I lifted her into my arms, cradling her closer than I ever had before, and carried her the rest of the way. Once in the rental, I turned to her.
“Just drive.” Her body melted against the seat.
I did what she asked, but the second we stepped into our hotel room, she had some explaining to do.
Joey
I shut my phone off…
My father called twice in the car ride over to the hotel. I let it go to voicemail.
Just the thought of talking to him made me want to escape to a foreign country and change my name.
I was reeling inside. It was giving me a hardcore case of motion sickness. All these feelings were bouncing around, rebounding off my organs, my skin, my bones… I just wanted it stop.

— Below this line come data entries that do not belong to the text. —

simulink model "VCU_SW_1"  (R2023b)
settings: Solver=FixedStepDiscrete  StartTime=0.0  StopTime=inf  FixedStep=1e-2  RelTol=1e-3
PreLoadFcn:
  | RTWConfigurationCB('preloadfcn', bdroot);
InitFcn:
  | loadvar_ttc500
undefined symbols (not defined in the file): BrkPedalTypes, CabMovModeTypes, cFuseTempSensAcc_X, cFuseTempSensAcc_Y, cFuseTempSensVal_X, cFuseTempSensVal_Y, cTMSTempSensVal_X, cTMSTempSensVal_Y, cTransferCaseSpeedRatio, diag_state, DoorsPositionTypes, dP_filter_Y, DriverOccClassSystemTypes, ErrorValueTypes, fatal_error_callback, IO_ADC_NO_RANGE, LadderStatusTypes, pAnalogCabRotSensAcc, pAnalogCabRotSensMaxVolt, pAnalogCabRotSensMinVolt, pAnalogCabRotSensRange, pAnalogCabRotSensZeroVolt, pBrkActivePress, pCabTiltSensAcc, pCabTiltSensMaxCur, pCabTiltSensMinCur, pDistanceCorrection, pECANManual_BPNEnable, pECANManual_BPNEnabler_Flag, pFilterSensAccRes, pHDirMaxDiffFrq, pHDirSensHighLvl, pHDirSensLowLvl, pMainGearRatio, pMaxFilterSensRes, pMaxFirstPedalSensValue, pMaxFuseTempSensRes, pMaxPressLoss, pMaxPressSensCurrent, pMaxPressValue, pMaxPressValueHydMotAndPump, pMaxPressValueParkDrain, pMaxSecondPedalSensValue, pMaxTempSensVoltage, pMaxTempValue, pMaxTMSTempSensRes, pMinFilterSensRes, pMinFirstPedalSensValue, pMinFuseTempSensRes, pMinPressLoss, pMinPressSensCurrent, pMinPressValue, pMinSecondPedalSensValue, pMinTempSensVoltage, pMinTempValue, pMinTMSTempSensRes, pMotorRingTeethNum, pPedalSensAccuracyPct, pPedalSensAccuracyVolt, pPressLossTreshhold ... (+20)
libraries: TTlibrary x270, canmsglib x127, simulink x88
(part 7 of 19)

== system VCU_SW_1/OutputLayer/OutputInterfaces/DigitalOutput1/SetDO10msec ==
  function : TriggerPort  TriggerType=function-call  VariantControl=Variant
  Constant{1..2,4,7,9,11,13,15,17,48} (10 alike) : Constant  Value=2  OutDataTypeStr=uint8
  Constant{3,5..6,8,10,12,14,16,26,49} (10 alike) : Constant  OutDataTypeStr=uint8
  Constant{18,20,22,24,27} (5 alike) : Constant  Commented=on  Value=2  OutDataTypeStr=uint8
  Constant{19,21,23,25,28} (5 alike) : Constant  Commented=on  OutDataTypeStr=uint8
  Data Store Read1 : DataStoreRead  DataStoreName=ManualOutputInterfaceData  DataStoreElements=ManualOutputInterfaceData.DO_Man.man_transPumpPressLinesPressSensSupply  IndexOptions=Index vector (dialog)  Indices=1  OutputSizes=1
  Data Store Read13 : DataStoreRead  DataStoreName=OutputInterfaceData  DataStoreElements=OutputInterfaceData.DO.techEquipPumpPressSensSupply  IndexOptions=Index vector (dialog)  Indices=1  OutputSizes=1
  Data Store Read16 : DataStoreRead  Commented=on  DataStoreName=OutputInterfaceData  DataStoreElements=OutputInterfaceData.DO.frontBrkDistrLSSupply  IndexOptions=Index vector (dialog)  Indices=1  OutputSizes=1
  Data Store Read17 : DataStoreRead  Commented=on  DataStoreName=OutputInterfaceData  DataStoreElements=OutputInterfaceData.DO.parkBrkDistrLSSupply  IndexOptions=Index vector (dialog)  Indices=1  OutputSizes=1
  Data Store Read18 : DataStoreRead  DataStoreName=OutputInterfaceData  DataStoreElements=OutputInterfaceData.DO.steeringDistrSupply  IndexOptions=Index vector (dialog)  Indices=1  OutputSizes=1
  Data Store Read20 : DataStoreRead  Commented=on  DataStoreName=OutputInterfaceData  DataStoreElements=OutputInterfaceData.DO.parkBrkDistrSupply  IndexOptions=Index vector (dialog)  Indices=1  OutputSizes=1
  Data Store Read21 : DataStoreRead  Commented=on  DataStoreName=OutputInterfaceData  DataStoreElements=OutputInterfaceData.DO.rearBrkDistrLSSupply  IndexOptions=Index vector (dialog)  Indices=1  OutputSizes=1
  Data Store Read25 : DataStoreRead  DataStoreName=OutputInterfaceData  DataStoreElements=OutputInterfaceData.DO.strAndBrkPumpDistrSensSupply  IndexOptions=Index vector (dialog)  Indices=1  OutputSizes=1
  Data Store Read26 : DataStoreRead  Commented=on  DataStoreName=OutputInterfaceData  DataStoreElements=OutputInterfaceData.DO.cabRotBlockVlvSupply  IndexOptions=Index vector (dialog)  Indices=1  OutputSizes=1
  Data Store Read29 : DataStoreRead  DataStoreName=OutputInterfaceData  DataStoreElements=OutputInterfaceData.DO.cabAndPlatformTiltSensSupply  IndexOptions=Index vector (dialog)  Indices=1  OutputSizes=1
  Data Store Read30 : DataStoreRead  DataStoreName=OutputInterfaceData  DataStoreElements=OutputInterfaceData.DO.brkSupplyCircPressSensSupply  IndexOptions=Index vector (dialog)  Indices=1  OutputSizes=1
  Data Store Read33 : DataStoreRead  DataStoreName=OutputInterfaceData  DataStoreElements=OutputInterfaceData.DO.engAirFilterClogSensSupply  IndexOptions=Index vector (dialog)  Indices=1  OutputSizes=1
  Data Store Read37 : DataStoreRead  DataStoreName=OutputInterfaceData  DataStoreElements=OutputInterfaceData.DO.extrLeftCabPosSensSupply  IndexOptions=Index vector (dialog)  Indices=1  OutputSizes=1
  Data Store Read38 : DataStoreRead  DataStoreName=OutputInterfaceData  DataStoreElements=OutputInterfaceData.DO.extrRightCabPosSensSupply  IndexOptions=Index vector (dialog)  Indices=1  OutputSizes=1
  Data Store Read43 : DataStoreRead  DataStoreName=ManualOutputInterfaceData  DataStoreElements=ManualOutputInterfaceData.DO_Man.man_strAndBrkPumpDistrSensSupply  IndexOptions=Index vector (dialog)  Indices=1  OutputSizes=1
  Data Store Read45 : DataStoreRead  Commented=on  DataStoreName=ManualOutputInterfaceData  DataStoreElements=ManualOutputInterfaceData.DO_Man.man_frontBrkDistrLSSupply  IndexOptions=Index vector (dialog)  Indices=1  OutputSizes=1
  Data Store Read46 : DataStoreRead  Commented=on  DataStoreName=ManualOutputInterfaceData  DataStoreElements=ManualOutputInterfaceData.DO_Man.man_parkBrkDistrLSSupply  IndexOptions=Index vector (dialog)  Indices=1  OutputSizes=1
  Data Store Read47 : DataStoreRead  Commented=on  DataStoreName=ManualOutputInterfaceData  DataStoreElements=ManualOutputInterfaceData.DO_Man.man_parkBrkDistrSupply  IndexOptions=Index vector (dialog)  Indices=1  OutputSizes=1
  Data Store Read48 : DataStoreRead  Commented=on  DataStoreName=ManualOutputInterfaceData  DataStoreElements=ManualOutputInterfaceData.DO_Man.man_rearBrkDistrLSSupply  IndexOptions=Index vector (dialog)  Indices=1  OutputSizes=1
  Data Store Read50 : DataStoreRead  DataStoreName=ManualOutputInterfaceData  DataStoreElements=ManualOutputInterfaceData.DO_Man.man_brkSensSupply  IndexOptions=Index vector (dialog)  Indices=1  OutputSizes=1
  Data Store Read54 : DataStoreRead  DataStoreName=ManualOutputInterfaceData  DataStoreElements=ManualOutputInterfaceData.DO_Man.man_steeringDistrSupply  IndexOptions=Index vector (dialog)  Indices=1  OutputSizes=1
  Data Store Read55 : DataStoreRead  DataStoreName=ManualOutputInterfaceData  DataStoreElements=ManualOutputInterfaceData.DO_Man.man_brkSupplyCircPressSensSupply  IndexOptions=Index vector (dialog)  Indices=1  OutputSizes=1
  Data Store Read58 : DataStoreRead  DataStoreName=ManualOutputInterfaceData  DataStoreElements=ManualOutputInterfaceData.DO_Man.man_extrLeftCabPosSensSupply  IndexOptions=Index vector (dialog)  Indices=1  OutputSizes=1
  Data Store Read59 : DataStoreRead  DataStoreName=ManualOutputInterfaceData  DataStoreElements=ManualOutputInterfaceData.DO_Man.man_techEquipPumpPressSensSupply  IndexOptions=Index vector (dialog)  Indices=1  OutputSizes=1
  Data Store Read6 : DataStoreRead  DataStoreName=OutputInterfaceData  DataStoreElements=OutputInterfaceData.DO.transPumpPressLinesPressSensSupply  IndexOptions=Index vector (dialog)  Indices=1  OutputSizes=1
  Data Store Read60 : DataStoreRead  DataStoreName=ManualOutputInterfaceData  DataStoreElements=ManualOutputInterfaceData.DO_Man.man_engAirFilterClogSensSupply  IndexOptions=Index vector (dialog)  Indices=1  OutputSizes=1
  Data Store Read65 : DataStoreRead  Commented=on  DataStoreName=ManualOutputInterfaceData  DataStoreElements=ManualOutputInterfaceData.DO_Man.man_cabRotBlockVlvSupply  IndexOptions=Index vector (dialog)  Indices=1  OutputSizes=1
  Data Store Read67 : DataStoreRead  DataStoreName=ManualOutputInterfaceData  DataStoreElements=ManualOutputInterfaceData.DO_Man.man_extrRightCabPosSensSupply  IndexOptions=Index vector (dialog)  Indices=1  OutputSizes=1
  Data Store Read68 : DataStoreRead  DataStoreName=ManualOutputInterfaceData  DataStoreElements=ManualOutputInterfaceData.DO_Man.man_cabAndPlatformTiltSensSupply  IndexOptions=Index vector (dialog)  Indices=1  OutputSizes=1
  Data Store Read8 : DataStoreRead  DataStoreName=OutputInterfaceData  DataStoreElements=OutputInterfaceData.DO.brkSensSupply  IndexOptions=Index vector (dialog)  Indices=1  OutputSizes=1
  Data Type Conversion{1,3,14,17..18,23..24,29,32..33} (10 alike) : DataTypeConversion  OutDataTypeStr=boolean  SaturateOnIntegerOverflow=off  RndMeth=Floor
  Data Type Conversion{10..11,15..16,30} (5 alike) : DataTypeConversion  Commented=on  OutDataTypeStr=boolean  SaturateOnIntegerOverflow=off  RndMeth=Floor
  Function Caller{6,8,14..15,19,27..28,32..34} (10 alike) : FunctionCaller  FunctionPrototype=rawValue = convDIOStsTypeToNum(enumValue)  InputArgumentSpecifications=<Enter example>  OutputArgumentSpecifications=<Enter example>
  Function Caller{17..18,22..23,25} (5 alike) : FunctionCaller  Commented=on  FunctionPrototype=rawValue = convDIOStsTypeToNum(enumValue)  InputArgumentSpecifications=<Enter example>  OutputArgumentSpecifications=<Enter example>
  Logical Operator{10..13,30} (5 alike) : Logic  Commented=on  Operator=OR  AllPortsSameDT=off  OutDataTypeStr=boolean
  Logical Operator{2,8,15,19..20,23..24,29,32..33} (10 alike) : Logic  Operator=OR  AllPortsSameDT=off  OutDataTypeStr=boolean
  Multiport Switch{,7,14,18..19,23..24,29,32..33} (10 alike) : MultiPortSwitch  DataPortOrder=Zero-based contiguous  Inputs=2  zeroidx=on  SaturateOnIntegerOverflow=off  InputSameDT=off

There wasn’t a cohesive thought in my mind; there was too much at once, and it made it hard to process and organize the way I was feeling. Jace didn’t push me. He didn’t say anything. His palm on the small of my back as we walked through the hotel and down the hall to our room was comforting.
And I needed comfort. My face hurt. My neck hurt. My throat hurt… Hell, everything hurt.
I wondered what he was thinking now that he knew what I was hiding. I wondered if it changed how he thought of me.
He let us in the room, strode past the bathroom, the TV, and the bed.
I went directly into the bathroom. Having Cannon’s blood on my face was disturbing. And by the way Jace’s eyes would stray to the smears, I knew it bothered him as well.
I washed my face at the sink with cold water. The cut on my lip stung with the face wash, and the bruise on my cheek was tender. The frigid temperature of the water wasn’t very welcome, but I figured it might soothe some of the swelling while at the same time clearing some of my mind.
Once I was done, I patted it dry and smoothed on some lip balm on the worst of the chapped spots. The cut on my lip was still bleeding a little, so I pressed the towel against it, hoping it would stop. While I waited, I looked at my neck. Just seeing it made me cringe. I could see now why Jace seemed to snap.
I looked terrible, worse than I’d ever looked in my entire life. Funny, I felt that way, too. My clothes were sticking to me. I felt dirty and sweaty. Placing the towel down, I pulled up the heavy mass of curls. My hair was usually wild, but tonight it just looked bad. I twisted it into a bun at the top of my head and left it there. It wasn’t ideal because it made the damage to my neck look worse, but I just wanted the hair out of my face.
Then I pulled off my clothes, even the bra I was wearing, and threw them in the corner without a backward glance. After smoothing on a little fresh deodorant and some eye cream (because my eye bags were seriously on #fleek), I wrapped my body in a towel and stepped out of the bathroom.
Jace glanced at me when I padded out. He didn’t say anything when I went to his bag, rummaged around, and pulled out a black T-shirt he liked to wear. I dropped the towel, slid his shirt over my skin, then reached for a fresh pair of boyshorts in my bag.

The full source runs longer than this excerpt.